Endettés... et inconscients. Voilà comment les comptables généraux accrédités (CGA) du Canada dépeignent les Canadiens dans un rapport qui montre que l'endettement moyen fracasse des records au pays et atteint maintenant 2,5 fois son niveau de 1989.

Les récessions ont habituellement un effet calmant sur les ardeurs des consommateurs, qui réalisent que les temps durs peuvent survenir et tentent d'épargner pour se préparer aux prochains.

Or, cette fois, les Canadiens n'en ont rien fait. Résultat: au moment où les taux d'intérêt s'apprêtent à grimper, risquant de comprimer davantage les budgets de ceux qui doivent de l'argent aux autres, les ménages canadiens émergent de la récession avec un niveau d'endettement jugé «très troublant» par les comptables généraux accrédités.

«On s'était imaginé qu'avec la récession, les gens auraient fait preuve de modération. Mais on se rend compte que même si les faillites personnelles ont augmenté, les gens ont continué de s'endetter à un rythme qui s'est même accéléré», observe Rock Lefebvre, vice-président, recherche et normalisation, à l'Association des comptables généraux accrédités du Canada.

Le ratio entre les dettes des ménages (incluant les hypothèques) et leur revenu disponible (donc après impôt) atteint aujourd'hui 144% au Canada, le chiffre le plus élevé des 20 pays de l'Organisation de coopération et de développement économique (OCDE). Collectivement, les dettes des Canadiens totalisent 1410 milliards de dollars, soit 41 740$ par personne - somme 2,5 fois plus élevée qu'en 1989.

Le crédit à bar ouvert

Les effets se font sentir dans les centres d'aide aux consommateurs, qui reçoivent de plus en plus de clients incapables de faire face à leurs obligations.

«On s'en rend bien compte dans notre pratique: les gens sont plus endettés et plus consommateurs que jamais. Ça n'a pas diminué avec la crise, ce qui fait qu'on se retrouve avec des situations qui sont souvent très difficiles», dit Bertrand Rainville, conseiller budgétaire au Centre d'intervention budgétaire et sociale de la Mauricie.

Le gros de la clientèle de M. Rainville est pourtant formé de salariés, et pas nécessairement au salaire minimum.

«Ça peut aller jusqu'à 120 000$. Je vous dirais que la moyenne, ici, ce sont des gens qui ont des revenus entre 60 000 et 80 000$.»

M. Rainville note que si le crédit se referme pour les gens à faible revenu ou ceux dont le dossier de crédit est entaché, les offres se multiplient pour les autres.

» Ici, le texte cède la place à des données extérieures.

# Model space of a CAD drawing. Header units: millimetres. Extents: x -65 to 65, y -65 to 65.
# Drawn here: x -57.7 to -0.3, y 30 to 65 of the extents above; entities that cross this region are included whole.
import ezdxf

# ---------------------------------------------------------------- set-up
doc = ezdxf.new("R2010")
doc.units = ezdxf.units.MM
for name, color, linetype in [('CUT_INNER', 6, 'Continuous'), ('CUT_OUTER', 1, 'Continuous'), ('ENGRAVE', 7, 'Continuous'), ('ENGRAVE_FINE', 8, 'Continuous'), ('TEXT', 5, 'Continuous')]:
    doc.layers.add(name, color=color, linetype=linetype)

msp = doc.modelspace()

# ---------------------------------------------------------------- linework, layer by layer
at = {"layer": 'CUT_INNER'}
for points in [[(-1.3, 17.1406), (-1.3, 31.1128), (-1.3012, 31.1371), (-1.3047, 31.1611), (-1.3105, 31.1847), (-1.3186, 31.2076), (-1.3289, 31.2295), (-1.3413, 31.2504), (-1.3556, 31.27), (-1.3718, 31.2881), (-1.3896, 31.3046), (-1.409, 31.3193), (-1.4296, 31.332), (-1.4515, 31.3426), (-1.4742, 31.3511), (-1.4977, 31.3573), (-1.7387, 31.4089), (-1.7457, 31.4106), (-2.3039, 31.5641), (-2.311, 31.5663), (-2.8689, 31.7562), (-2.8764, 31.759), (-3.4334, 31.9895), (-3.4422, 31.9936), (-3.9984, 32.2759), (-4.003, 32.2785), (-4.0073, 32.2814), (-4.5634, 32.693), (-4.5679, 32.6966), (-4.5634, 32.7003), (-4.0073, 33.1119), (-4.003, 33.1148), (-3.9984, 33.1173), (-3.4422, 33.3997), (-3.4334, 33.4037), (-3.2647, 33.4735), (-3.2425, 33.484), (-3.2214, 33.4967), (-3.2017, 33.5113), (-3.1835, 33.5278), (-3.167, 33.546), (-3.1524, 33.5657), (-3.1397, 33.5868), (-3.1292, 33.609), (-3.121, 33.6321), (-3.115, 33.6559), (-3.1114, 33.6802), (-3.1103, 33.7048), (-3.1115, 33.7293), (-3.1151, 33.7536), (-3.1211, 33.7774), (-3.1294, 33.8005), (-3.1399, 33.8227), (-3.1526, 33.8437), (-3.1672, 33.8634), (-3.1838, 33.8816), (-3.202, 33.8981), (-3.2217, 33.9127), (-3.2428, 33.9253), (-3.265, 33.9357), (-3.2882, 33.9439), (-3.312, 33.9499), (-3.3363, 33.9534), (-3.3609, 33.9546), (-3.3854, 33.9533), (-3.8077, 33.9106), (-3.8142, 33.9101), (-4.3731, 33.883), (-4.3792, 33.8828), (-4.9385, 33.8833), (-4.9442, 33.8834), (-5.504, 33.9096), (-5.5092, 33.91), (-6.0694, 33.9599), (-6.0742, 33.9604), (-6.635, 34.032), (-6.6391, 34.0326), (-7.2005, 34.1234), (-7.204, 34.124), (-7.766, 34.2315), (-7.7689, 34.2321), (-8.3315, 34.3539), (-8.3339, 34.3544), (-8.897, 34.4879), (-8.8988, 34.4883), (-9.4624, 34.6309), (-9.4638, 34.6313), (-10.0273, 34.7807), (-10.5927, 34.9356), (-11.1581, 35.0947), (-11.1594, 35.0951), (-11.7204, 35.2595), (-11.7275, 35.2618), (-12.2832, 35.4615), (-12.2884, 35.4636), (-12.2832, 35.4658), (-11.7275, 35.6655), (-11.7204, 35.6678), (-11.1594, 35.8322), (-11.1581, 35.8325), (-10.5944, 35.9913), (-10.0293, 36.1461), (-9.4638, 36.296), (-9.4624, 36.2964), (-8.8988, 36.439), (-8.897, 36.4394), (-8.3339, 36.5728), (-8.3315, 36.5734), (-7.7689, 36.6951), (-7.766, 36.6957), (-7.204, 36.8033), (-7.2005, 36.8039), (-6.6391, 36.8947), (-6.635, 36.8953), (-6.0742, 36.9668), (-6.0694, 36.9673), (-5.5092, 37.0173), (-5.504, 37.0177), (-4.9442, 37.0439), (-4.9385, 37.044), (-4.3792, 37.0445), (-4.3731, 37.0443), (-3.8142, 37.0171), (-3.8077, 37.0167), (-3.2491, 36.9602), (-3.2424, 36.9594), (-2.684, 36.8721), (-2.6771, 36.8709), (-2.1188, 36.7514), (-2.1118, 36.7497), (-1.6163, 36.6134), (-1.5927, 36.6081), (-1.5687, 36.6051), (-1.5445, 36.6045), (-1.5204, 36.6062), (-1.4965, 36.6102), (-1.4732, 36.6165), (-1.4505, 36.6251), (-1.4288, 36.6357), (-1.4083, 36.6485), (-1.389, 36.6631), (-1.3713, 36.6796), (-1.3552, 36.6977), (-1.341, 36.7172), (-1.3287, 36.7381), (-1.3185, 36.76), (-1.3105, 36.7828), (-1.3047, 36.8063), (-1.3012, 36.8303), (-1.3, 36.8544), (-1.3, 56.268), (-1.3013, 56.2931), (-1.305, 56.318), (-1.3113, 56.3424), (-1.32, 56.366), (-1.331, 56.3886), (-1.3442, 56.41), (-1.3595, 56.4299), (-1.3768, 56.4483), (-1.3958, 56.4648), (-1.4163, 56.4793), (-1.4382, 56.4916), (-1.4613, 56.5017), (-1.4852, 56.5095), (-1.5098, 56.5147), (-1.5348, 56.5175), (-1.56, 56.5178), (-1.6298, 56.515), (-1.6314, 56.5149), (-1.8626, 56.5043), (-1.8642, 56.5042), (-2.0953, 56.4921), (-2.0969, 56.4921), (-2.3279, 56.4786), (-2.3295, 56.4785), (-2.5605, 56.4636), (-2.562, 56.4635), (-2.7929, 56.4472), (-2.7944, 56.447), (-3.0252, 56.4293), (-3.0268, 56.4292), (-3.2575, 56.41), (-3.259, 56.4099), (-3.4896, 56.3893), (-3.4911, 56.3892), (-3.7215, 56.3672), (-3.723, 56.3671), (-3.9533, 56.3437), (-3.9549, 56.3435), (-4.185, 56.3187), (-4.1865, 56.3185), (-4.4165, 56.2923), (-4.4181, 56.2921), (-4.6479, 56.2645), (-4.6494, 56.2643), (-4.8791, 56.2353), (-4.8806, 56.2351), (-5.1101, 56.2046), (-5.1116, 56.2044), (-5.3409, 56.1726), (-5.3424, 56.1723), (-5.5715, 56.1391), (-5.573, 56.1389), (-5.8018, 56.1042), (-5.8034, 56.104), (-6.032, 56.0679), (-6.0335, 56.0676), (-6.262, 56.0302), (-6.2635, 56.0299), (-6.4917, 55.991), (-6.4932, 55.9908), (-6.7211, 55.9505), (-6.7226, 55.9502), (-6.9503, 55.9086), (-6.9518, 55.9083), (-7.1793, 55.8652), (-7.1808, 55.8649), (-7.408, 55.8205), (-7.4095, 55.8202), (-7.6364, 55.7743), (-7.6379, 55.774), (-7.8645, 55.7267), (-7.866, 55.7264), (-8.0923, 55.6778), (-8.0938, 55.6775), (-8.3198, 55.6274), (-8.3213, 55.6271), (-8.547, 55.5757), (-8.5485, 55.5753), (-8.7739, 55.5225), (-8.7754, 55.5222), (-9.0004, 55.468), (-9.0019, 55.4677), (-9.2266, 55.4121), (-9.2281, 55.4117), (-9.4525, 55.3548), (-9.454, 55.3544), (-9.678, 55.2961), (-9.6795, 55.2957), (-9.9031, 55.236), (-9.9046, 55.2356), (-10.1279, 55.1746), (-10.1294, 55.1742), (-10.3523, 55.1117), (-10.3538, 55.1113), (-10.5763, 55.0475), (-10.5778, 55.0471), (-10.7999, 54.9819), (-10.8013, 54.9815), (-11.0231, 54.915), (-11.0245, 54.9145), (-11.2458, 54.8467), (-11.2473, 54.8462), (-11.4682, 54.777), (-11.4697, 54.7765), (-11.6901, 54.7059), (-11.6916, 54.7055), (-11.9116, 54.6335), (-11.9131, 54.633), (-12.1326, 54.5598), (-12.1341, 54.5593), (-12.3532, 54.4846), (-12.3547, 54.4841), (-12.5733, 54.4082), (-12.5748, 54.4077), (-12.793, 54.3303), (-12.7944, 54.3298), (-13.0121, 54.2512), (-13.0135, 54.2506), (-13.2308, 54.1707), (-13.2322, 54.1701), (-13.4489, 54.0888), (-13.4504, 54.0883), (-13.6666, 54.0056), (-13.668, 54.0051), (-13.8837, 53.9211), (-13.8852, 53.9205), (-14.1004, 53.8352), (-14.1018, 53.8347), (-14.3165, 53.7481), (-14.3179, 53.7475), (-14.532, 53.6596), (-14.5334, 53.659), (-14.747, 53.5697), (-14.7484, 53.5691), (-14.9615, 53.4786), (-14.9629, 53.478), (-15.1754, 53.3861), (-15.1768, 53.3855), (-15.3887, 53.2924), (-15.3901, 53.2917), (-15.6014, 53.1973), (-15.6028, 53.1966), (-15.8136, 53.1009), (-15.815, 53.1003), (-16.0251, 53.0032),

«Autant les gens qui sont rejetés par la machine sont exclus, autant c'est bar open pour les autres», résume l'intervenant.

M. Rainville note que de plus en plus de jeunes débarquent dans son bureau parce qu'ils succombent justement aux offres de cartes de crédit, marges de crédit et autres prêts personnels des institutions financières, alors qu'ils sont encore pris à la gorge par leurs prêts étudiants.

Grands risques

Les CGA se montrent particulièrement préoccupés de voir que 58% des Canadiens utilisent leur endettement avant tout pour payer leurs dépenses de tous les jours plutôt que pour investir dans le but d'acheter une propriété, par exemple.

Le pire à leurs yeux est que les Canadiens ne semblent pas réaliser les risques engendrés par leur mode de vie.

Près de 60% de ceux dont les dettes sont en hausse estiment que tout est sous contrôle et qu'ils peuvent même s'endetter davantage. La proportion atteint 92% parmi ceux dont les dettes sont stables ou en baisse.

De plus, 78% des Canadiens ne comptent pas modifier leurs habitudes d'épargne pour se faire ou se refaire un coussin de sécurité.

Les CGA estiment qu'une hausse de 2% des taux d'intérêt hypothécaires obligera les familles à revenu moyen ou élevé à réduire leurs «autres dépenses» de 9 à 11% en gardant constants les coûts liés au logement, aux impôts, à la nourriture et au transport.

EN CHIFFRES

41 740$

Dette moyenne de chaque Canadien en décembre 2009 une somme 2,5 supérieure à celle de 1989.

1er

Le Canada occupe le premier rang parmi 20 pays de l'OCDE en ce qui a trait au rapport dette-actifs financiers, avec un ratio de 144% à la fin 2009.

78%

Plus des trois quarts (78%) des répondants d'un sondage affirment qu'ils ne modifieront pas leurs habitudes d'épargne pour se refaire un «coussin « financier.